Greg, fighting back giggles, heard the snort of affronted dignity all the way out in the hall. No doubt so did half the deep state civil service in London, and quite a few of the more stable appointees and dignitaries who kept the wheels of government running. He knew that snort. Mycroft had polished it to dramatic perfection on Sherlock over the decades. He knew the tone of adamant authority that struck back at the High and Mighty Mucketty-Muck.

“Manners, sir! And no. I will not. Now kindly vacate my offices.
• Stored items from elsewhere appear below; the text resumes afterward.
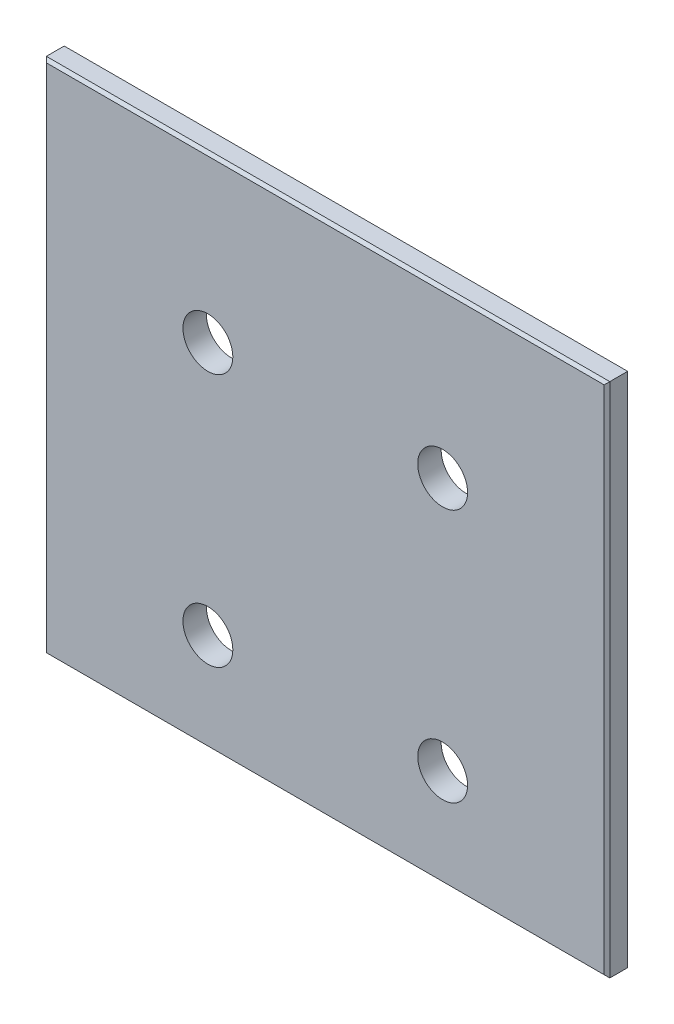
ISO-10303-21;
HEADER;
FILE_DESCRIPTION(('STEP AP214'),'2;1');
FILE_NAME('part.step','',(''),(''),'','','');
FILE_SCHEMA(('AUTOMOTIVE_DESIGN { 1 0 10303 214 1 1 1 1 }'));
ENDSEC;
DATA;
#1=APPLICATION_CONTEXT('core data for automotive mechanical design processes');
#2=APPLICATION_PROTOCOL_DEFINITION('international standard','automotive_design',2000,#1);
#3=PRODUCT_CONTEXT('',#1,'mechanical');
#4=PRODUCT('Part','Part','',(#3));
#5=PRODUCT_RELATED_PRODUCT_CATEGORY('part','',(#4));
#6=PRODUCT_DEFINITION_FORMATION('','',#4);
#7=PRODUCT_DEFINITION_CONTEXT('part definition',#1,'design');
#8=PRODUCT_DEFINITION('design','',#6,#7);
#9=PRODUCT_DEFINITION_SHAPE('','',#8);
#10=(LENGTH_UNIT() NAMED_UNIT(*) SI_UNIT(.MILLI.,.METRE.));
#11=(NAMED_UNIT(*) PLANE_ANGLE_UNIT() SI_UNIT($,.RADIAN.));
#12=(NAMED_UNIT(*) SI_UNIT($,.STERADIAN.) SOLID_ANGLE_UNIT());
#13=UNCERTAINTY_MEASURE_WITH_UNIT(LENGTH_MEASURE(1.E-05),#10,'distance_accuracy_value','');
#14=(GEOMETRIC_REPRESENTATION_CONTEXT(3) GLOBAL_UNCERTAINTY_ASSIGNED_CONTEXT((#13)) GLOBAL_UNIT_ASSIGNED_CONTEXT((#10,
#11,#12)) REPRESENTATION_CONTEXT('',''));
#15=CARTESIAN_POINT('',(0.,0.,0.));
#16=DIRECTION('',(0.,0.,1.));
#17=DIRECTION('',(1.,0.,0.));
#18=AXIS2_PLACEMENT_3D('',#15,#16,#17);
#19=CARTESIAN_POINT('',(-76.2,69.85,6.35));
#20=DIRECTION('',(1.,0.,0.));
#21=DIRECTION('',(0.,1.,0.));
#22=AXIS2_PLACEMENT_3D('',#19,#20,#21);
#23=PLANE('',#22);
#24=DIRECTION('',(0.,0.,-1.));
#25=VECTOR('',#24,1.);
#26=CARTESIAN_POINT('',(-76.2,69.85,6.35));
#27=LINE('',#26,#25);
#28=CARTESIAN_POINT('',(-76.2,69.85,5.58799999999999));
#29=VERTEX_POINT('',#28);
#30=CARTESIAN_POINT('',(-76.2,69.85,0.761999999999999));
#31=VERTEX_POINT('',#30);
#32=EDGE_CURVE('E170',#29,#31,#27,.T.);
#33=ORIENTED_EDGE('',*,*,#32,.T.);
#34=DIRECTION('',(0.,-1.,0.));
#35=VECTOR('',#34,1.);
#36=CARTESIAN_POINT('',(-76.2,69.85,0.761999999999999));
#37=LINE('',#36,#35);
#38=CARTESIAN_POINT('',(-76.2,-69.85,0.761999999999999));
#39=VERTEX_POINT('',#38);
#40=EDGE_CURVE('E195',#31,#39,#37,.T.);
#41=ORIENTED_EDGE('',*,*,#40,.T.);
#42=DIRECTION('',(0.,0.,-1.));
#43=VECTOR('',#42,1.);
#44=CARTESIAN_POINT('',(-76.2,-69.85,6.35));
#45=LINE('',#44,#43);
#46=CARTESIAN_POINT('',(-76.2,-69.85,5.58799999999999));
#47=VERTEX_POINT('',#46);
#48=EDGE_CURVE('E133',#47,#39,#45,.T.);
#49=ORIENTED_EDGE('',*,*,#48,.F.);
#50=DIRECTION('',(0.,1.,0.));
#51=VECTOR('',#50,1.);
#52=CARTESIAN_POINT('',(-76.2,69.85,5.58799999999999));
#53=LINE('',#52,#51);
#54=EDGE_CURVE('E193',#47,#29,#53,.T.);
#55=ORIENTED_EDGE('',*,*,#54,.T.);
#56=EDGE_LOOP('',(#33,#41,#49,#55));
#57=FACE_BOUND('',#56,.T.);
#58=ADVANCED_FACE('F44',(#57),#23,.F.);
#59=CARTESIAN_POINT('',(-76.2,-69.85,6.35));
#60=DIRECTION('',(0.,1.,0.));
#61=DIRECTION('',(0.,0.,1.));
#62=AXIS2_PLACEMENT_3D('',#59,#60,#61);
#63=PLANE('',#62);
#64=ORIENTED_EDGE('',*,*,#48,.T.);
#65=DIRECTION('',(1.,0.,0.));
#66=VECTOR('',#65,1.);
#67=CARTESIAN_POINT('',(-76.2,-69.85,0.761999999999999));
#68=LINE('',#67,#66);
#69=CARTESIAN_POINT('',(76.2,-69.85,0.761999999999999));
#70=VERTEX_POINT('',#69);
#71=EDGE_CURVE('E132',#39,#70,#68,.T.);
#72=ORIENTED_EDGE('',*,*,#71,.T.);
#73=DIRECTION('',(0.,0.,-1.));
#74=VECTOR('',#73,1.);
#75=CARTESIAN_POINT('',(76.2,-69.85,6.35));
#76=LINE('',#75,#74);
#77=CARTESIAN_POINT('',(76.2,-69.85,5.58799999999999));
#78=VERTEX_POINT('',#77);
#79=EDGE_CURVE('E115',#78,#70,#76,.T.);
#80=ORIENTED_EDGE('',*,*,#79,.F.);
#81=DIRECTION('',(-1.,0.,0.));
#82=VECTOR('',#81,1.);
#83=CARTESIAN_POINT('',(-76.2,-69.85,5.58799999999999));
#84=LINE('',#83,#82);
#85=EDGE_CURVE('E129',#78,#47,#84,.T.);
#86=ORIENTED_EDGE('',*,*,#85,.T.);
#87=EDGE_LOOP('',(#64,#72,#80,#86));
#88=FACE_BOUND('',#87,.T.);
#89=ADVANCED_FACE('F128',(#88),#63,.F.);
#90=CARTESIAN_POINT('',(76.2,69.85,6.35));
#91=DIRECTION('',(-1.,0.,0.));
#92=DIRECTION('',(0.,0.,1.));
#93=AXIS2_PLACEMENT_3D('',#90,#91,#92);
#94=PLANE('',#93);
#95=ORIENTED_EDGE('',*,*,#79,.T.);
#96=DIRECTION('',(0.,1.,0.));
#97=VECTOR('',#96,1.);
#98=CARTESIAN_POINT('',(76.2,69.85,0.761999999999999));
#99=LINE('',#98,#97);
#100=CARTESIAN_POINT('',(76.2,69.85,0.761999999999999));
#101=VERTEX_POINT('',#100);
#102=EDGE_CURVE('E121',#70,#101,#99,.T.);
#103=ORIENTED_EDGE('',*,*,#102,.T.);
#104=DIRECTION('',(0.,0.,-1.));
#105=VECTOR('',#104,1.);
#106=CARTESIAN_POINT('',(76.2,69.85,6.35));
#107=LINE('',#106,#105);
#108=CARTESIAN_POINT('',(76.2,69.85,5.58799999999999));
#109=VERTEX_POINT('',#108);
#110=EDGE_CURVE('E117',#109,#101,#107,.T.);
#111=ORIENTED_EDGE('',*,*,#110,.F.);
#112=DIRECTION('',(0.,-1.,0.));
#113=VECTOR('',#112,1.);
#114=CARTESIAN_POINT('',(76.2,-69.85,5.58799999999999));
#115=LINE('',#114,#113);
#116=EDGE_CURVE('E112',#109,#78,#115,.T.);
#117=ORIENTED_EDGE('',*,*,#116,.T.);
#118=EDGE_LOOP('',(#95,#103,#111,#117));
#119=FACE_BOUND('',#118,.T.);
#120=ADVANCED_FACE('F114',(#119),#94,.F.);
#121=CARTESIAN_POINT('',(-76.2,69.85,6.35));
#122=DIRECTION('',(0.,-1.,0.));
#123=DIRECTION('',(0.,0.,-1.));
#124=AXIS2_PLACEMENT_3D('',#121,#122,#123);
#125=PLANE('',#124);
#126=ORIENTED_EDGE('',*,*,#110,.T.);
#127=DIRECTION('',(-1.,0.,0.));
#128=VECTOR('',#127,1.);
#129=CARTESIAN_POINT('',(-76.2,69.85,0.761999999999999));
#130=LINE('',#129,#128);
#131=EDGE_CURVE('E122',#101,#31,#130,.T.);
#132=ORIENTED_EDGE('',*,*,#131,.T.);
#133=ORIENTED_EDGE('',*,*,#32,.F.);
#134=DIRECTION('',(1.,0.,0.));
#135=VECTOR('',#134,1.);
#136=CARTESIAN_POINT('',(76.2,69.85,5.58799999999999));
#137=LINE('',#136,#135);
#138=EDGE_CURVE('E197',#29,#109,#137,.T.);
#139=ORIENTED_EDGE('',*,*,#138,.T.);
#140=EDGE_LOOP('',(#126,#132,#133,#139));
#141=FACE_BOUND('',#140,.T.);
#142=ADVANCED_FACE('F209',(#141),#125,.F.);
#143=CARTESIAN_POINT('',(-76.2,-69.85,6.35));
#144=DIRECTION('',(0.,0.,1.));
#145=DIRECTION('',(1.,0.,0.));
#146=AXIS2_PLACEMENT_3D('',#143,#144,#145);
#147=PLANE('',#146);
#148=CARTESIAN_POINT('',(-31.75,25.4,6.35));
#149=DIRECTION('',(0.,0.,1.));
#150=DIRECTION('',(1.,0.,0.));
#151=AXIS2_PLACEMENT_3D('',#148,#149,#150);
#152=CIRCLE('',#151,6.74623999999999);
#153=CARTESIAN_POINT('',(-25.00376,25.4,6.35));
#154=VERTEX_POINT('',#153);
#155=EDGE_CURVE('E266',#154,#154,#152,.T.);
#156=ORIENTED_EDGE('',*,*,#155,.F.);
#157=EDGE_LOOP('',(#156));
#158=FACE_BOUND('',#157,.T.);
#159=CARTESIAN_POINT('',(31.75,25.4,6.35));
#160=DIRECTION('',(0.,0.,1.));
#161=DIRECTION('',(1.,0.,0.));
#162=AXIS2_PLACEMENT_3D('',#159,#160,#161);
#163=CIRCLE('',#162,6.74623999999999);
#164=CARTESIAN_POINT('',(38.49624,25.4,6.35));
#165=VERTEX_POINT('',#164);
#166=EDGE_CURVE('E268',#165,#165,#163,.T.);
#167=ORIENTED_EDGE('',*,*,#166,.F.);
#168=EDGE_LOOP('',(#167));
#169=FACE_BOUND('',#168,.T.);
#170=CARTESIAN_POINT('',(-31.75,-43.18,6.35));
#171=DIRECTION('',(0.,0.,1.));
#172=DIRECTION('',(1.,0.,0.));
#173=AXIS2_PLACEMENT_3D('',#170,#171,#172);
#174=CIRCLE('',#173,6.74623999999999);
#175=CARTESIAN_POINT('',(-25.00376,-43.18,6.35));
#176=VERTEX_POINT('',#175);
#177=EDGE_CURVE('E276',#176,#176,#174,.T.);
#178=ORIENTED_EDGE('',*,*,#177,.F.);
#179=EDGE_LOOP('',(#178));
#180=FACE_BOUND('',#179,.T.);
#181=CARTESIAN_POINT('',(31.75,-43.18,6.35));
#182=DIRECTION('',(0.,0.,1.));
#183=DIRECTION('',(1.,0.,0.));
#184=AXIS2_PLACEMENT_3D('',#181,#182,#183);
#185=CIRCLE('',#184,6.74623999999999);
#186=CARTESIAN_POINT('',(38.49624,-43.18,6.35));
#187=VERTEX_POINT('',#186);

You are neither needed nor wanted here.”

The unsaid conviction that the man was not needed or wanted anywhere on God’s green earth echoed through the halls of power, carried on whispers and on wires, in memos and in code, reported as far away as Gallifrey, and as nearby as the busy bees of Mycroft’s own division.

His Humpty-Dumptyness fell, and all his horses and all his men, and his tiny little coven of meek ladies in waiting could not put him together again, so he left leaking fuss and bother and bitter resentment all the way down the corridor, up the stairs and lifts, back into the real world that had already sent him scuttling down into the tunnels in a panic.

Applause can be silent. This applause was. Rather than pattering palms, there was a moment of complete peace. Then, like mice creeping out from their hiding places after the cat is gone, one merry-faced deep-government cog after another slipped out, and as they passed each other, they exchanged glances of pride. Their boss was Mycroft Holmes, who called the nation’s elected hounds to heel, and set the curs in their places!

It was another half-hour before Mycroft came out of his office, coat over his arm, umbrella and briefcase in hand. He smiled at Anthea, turned and locked the green door behind him, murmured a few instructions, and strode down the way to Greg, who still sat relaxed and at ease on his bench.

“Ready, my dear?”

“Yep. You?”

“Quite. You have no idea what a day it’s been!”

Greg grinned. “Watched them all march up and down this hall all afternoon, love. Got an idea. And even if I didn’t, I read the news. Parliament took that fat ferret down a peg, didn’t they?”

“As was their duty,” Mycroft sniffed.

“And…what did you have to do with putting that in play?”

Mycroft’s blue-grey eyes shone with innocence. “Why Greg! I am a loyal servant of the crown and the kingdom. Whatever would I have to do with…with…what would you call them? Conspiracies? Schemes? No, my dear. Nothing at all.”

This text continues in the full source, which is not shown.